(What you will do):
The answer should be each line of the records that contains the word "part"; please copy them all.

- Opening Delimiter -

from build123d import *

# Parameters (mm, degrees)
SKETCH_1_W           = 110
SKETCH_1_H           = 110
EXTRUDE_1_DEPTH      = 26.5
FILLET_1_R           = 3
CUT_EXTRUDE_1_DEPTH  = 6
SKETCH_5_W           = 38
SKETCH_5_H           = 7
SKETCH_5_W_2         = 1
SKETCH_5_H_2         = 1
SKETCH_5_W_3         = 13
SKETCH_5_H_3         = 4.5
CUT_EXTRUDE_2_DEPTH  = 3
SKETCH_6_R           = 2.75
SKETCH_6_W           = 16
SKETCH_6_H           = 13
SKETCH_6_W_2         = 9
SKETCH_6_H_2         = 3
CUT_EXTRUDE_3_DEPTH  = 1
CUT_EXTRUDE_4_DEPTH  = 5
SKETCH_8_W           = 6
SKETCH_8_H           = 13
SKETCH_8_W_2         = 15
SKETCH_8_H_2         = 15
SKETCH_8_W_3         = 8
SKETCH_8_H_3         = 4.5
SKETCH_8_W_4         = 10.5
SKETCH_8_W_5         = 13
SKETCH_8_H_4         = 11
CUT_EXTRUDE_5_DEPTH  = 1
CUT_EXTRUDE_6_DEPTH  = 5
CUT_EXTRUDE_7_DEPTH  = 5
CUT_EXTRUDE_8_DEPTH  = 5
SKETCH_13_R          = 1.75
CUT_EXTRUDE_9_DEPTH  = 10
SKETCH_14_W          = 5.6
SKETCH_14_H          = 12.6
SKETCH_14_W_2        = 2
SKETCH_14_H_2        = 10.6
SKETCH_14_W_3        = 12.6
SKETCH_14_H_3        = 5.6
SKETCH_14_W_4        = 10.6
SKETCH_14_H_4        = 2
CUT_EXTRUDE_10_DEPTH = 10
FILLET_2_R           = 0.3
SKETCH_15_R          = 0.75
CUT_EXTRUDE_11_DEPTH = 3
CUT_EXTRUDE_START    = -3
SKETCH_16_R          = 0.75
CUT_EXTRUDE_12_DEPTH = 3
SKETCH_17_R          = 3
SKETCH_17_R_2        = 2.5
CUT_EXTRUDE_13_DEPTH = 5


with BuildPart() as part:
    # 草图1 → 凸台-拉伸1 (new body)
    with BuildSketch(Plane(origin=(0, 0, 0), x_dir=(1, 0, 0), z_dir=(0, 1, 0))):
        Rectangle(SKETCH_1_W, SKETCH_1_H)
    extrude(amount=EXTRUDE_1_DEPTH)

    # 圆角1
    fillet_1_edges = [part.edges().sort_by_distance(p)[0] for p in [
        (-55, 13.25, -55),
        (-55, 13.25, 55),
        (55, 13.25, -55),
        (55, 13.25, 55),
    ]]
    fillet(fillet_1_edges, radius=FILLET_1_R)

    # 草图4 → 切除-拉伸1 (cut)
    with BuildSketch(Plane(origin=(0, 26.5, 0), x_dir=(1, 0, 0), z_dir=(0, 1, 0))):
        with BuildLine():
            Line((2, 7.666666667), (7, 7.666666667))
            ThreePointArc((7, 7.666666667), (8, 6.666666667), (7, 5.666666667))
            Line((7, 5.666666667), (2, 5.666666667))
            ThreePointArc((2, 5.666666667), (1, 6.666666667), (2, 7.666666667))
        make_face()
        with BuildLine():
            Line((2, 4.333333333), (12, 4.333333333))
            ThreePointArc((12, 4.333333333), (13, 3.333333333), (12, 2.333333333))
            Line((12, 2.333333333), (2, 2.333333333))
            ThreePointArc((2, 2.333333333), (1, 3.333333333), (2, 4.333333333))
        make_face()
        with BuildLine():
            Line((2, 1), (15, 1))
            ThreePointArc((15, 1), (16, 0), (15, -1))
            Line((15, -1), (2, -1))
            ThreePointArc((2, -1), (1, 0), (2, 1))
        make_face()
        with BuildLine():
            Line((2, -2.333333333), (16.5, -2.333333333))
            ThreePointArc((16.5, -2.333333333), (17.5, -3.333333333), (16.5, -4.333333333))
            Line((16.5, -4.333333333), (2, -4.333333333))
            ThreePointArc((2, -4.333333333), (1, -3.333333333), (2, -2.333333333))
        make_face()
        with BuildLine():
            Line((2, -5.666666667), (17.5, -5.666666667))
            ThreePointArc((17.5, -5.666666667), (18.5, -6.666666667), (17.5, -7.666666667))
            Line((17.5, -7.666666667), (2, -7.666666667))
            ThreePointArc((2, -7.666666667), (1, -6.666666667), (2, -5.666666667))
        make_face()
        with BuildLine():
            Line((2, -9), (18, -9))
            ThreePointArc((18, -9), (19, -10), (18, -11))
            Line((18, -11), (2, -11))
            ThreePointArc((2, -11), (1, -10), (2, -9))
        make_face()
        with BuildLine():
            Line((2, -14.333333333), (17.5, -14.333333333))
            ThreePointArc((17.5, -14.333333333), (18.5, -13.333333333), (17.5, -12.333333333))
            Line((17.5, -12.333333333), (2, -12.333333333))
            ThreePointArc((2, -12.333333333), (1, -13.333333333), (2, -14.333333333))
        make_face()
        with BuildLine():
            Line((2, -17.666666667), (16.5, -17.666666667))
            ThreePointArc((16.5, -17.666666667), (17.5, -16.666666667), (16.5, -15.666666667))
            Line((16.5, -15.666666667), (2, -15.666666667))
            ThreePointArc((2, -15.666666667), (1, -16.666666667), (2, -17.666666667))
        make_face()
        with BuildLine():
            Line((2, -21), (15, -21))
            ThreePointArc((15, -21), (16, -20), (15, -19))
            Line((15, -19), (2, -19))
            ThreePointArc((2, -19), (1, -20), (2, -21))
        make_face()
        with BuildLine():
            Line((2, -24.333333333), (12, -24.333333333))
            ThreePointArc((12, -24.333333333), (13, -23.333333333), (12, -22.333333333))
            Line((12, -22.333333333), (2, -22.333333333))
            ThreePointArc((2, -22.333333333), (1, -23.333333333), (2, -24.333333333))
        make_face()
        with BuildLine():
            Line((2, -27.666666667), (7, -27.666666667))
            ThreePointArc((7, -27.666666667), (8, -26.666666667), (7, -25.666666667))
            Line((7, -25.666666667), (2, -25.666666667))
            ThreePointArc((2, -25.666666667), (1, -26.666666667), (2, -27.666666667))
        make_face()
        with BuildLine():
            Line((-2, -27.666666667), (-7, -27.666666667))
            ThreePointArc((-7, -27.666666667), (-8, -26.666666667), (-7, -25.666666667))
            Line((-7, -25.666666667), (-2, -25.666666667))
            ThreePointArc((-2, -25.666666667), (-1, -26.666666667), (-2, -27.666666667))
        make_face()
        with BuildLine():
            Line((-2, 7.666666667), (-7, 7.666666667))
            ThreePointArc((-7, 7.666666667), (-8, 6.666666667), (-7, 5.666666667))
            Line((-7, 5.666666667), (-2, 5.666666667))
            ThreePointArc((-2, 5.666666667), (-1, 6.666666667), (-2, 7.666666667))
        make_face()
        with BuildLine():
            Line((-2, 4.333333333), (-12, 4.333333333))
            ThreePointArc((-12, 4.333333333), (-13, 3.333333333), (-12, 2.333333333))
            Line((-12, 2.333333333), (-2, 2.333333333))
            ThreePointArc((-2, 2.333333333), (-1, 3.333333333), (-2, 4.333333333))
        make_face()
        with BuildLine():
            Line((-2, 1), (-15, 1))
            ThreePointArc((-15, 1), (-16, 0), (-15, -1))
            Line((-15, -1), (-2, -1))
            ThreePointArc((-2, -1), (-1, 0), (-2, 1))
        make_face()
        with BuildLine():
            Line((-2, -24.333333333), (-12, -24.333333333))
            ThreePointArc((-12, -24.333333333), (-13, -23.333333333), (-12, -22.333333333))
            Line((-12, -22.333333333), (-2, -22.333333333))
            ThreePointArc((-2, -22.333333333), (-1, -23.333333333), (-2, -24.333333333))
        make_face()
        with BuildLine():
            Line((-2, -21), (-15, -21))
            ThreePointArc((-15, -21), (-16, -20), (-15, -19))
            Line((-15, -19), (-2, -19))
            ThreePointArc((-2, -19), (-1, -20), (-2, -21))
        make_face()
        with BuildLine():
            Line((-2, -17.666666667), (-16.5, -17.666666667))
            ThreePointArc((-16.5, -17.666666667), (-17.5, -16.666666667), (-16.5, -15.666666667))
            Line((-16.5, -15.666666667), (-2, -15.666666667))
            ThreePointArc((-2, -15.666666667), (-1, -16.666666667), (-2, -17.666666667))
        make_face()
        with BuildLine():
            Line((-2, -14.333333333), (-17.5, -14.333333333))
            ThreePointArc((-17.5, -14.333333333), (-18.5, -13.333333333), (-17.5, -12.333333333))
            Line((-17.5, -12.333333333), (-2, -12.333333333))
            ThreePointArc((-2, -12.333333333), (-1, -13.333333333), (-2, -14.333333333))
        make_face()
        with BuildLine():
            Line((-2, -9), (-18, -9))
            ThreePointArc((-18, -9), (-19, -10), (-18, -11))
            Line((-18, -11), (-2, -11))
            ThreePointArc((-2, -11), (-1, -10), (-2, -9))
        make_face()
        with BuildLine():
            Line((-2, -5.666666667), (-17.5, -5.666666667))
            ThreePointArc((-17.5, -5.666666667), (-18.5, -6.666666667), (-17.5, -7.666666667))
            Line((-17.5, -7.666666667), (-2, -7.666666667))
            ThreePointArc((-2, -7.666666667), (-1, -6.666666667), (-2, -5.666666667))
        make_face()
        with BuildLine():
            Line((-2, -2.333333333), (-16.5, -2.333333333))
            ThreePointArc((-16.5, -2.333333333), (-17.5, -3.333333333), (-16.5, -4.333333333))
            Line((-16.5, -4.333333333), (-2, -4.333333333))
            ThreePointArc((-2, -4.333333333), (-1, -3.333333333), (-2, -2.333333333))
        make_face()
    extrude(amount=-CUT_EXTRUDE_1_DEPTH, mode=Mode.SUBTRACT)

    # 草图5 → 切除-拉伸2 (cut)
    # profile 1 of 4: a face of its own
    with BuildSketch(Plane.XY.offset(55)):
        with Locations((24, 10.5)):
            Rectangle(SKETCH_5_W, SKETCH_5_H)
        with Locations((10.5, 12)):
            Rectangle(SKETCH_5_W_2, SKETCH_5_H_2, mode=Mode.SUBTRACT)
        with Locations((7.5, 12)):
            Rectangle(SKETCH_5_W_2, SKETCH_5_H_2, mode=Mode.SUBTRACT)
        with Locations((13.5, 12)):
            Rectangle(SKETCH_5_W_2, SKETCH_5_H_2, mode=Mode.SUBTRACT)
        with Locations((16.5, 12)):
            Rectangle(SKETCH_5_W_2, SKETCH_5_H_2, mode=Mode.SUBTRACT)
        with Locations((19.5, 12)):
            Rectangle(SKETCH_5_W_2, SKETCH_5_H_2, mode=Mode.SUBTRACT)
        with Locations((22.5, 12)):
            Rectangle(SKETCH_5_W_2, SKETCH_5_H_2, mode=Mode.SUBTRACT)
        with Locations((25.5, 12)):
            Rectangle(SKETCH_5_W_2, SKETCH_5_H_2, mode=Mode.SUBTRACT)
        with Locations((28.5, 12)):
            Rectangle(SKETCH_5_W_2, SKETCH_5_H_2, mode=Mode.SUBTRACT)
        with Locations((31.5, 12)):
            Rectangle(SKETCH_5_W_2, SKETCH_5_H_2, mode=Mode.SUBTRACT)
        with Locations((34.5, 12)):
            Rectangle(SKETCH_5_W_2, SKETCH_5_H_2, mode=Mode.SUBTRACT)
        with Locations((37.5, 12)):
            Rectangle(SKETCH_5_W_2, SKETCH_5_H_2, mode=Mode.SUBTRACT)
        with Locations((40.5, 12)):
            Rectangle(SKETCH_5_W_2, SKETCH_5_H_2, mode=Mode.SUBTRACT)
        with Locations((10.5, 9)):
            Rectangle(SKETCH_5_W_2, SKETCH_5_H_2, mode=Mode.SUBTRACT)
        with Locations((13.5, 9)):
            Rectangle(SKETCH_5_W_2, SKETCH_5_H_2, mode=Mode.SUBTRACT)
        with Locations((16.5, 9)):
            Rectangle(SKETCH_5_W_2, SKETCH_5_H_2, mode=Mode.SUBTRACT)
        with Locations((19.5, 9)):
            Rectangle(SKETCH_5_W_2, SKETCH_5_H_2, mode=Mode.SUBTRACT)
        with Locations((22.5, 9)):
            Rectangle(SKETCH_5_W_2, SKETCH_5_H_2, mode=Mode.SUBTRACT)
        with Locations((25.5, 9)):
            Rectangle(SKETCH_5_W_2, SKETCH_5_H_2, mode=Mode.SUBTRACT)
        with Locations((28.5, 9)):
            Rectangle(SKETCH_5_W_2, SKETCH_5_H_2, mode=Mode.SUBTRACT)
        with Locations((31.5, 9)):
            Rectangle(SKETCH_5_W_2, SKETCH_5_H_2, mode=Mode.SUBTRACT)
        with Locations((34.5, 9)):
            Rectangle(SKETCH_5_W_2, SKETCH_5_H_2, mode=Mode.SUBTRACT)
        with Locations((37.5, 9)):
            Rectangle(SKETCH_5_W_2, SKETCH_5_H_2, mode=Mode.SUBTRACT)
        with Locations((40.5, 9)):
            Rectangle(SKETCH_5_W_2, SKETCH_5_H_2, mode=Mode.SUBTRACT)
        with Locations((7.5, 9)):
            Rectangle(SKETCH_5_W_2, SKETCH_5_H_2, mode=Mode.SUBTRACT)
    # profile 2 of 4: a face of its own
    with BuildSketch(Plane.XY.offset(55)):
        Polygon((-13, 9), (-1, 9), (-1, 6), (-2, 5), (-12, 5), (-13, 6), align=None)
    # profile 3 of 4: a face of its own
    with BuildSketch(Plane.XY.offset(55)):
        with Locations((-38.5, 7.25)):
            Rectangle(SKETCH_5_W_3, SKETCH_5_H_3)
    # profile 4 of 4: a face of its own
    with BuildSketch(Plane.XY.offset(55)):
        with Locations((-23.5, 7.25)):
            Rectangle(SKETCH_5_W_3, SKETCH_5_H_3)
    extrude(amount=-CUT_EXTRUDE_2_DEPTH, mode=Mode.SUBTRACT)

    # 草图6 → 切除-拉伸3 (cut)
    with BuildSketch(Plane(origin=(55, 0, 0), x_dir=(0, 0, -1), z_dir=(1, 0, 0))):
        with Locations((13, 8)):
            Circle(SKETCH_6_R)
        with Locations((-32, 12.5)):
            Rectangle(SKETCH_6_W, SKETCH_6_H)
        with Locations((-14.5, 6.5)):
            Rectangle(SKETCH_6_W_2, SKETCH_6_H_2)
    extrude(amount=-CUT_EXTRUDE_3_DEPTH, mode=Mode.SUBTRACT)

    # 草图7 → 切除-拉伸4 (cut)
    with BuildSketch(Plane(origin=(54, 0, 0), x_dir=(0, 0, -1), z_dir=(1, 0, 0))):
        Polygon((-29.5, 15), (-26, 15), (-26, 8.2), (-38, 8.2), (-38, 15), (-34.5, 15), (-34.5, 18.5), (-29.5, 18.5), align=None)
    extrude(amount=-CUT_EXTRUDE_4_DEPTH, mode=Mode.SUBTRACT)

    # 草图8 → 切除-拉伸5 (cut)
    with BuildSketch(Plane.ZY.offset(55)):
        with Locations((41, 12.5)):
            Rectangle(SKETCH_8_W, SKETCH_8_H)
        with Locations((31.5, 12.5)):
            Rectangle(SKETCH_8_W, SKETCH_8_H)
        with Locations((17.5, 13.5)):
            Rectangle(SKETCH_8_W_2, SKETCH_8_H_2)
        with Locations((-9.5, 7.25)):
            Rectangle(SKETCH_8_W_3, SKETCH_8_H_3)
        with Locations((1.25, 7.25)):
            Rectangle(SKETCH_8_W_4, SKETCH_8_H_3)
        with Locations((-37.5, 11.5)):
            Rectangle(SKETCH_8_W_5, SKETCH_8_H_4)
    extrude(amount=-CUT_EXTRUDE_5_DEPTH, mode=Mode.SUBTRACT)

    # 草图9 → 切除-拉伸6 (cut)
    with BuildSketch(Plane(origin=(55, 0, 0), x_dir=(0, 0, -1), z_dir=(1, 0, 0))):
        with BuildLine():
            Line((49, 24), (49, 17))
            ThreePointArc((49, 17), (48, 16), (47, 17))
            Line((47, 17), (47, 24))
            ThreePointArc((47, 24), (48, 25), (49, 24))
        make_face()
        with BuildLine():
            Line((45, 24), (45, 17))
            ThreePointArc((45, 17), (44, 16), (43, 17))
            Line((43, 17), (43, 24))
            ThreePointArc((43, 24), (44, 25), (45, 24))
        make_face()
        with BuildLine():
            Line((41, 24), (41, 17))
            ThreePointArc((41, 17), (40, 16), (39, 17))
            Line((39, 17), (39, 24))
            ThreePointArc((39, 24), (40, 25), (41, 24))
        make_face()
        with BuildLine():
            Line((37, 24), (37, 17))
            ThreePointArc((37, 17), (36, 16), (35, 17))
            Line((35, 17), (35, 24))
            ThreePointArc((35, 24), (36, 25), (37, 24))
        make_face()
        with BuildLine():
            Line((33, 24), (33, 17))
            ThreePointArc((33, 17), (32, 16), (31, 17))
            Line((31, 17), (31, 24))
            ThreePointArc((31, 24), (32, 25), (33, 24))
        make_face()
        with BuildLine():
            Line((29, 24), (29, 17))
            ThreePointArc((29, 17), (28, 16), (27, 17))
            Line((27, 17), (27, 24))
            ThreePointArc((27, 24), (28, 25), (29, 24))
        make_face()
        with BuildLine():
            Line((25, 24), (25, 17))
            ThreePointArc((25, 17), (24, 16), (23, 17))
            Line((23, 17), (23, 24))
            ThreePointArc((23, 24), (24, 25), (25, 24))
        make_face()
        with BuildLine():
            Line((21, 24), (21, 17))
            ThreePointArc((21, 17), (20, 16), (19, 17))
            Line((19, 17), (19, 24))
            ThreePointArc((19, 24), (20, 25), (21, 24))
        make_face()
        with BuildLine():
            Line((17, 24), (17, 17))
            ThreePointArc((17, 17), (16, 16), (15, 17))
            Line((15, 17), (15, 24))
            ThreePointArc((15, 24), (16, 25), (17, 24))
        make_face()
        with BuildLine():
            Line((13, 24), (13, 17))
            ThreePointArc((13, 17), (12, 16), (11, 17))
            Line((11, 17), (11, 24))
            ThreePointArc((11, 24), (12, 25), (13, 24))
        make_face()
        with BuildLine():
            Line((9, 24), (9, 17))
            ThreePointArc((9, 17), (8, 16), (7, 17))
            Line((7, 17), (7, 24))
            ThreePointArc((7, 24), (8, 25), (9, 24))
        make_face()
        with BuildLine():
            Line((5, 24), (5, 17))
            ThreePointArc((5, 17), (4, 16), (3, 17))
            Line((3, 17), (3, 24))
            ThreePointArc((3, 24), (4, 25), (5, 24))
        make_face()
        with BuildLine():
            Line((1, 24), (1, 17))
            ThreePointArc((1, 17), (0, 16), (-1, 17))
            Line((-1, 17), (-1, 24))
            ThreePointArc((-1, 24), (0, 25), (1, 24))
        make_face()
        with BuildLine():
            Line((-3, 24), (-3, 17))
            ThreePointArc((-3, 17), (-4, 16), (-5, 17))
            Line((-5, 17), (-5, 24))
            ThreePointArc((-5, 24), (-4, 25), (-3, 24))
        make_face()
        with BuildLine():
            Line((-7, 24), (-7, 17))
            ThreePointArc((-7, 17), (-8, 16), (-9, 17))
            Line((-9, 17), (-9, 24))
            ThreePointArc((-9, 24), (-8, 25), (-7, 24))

- Closing Delimiter -

(Answer to this problem):
with BuildPart() as part:
    fillet_1_edges = [part.edges().sort_by_distance(p)[0] for p in [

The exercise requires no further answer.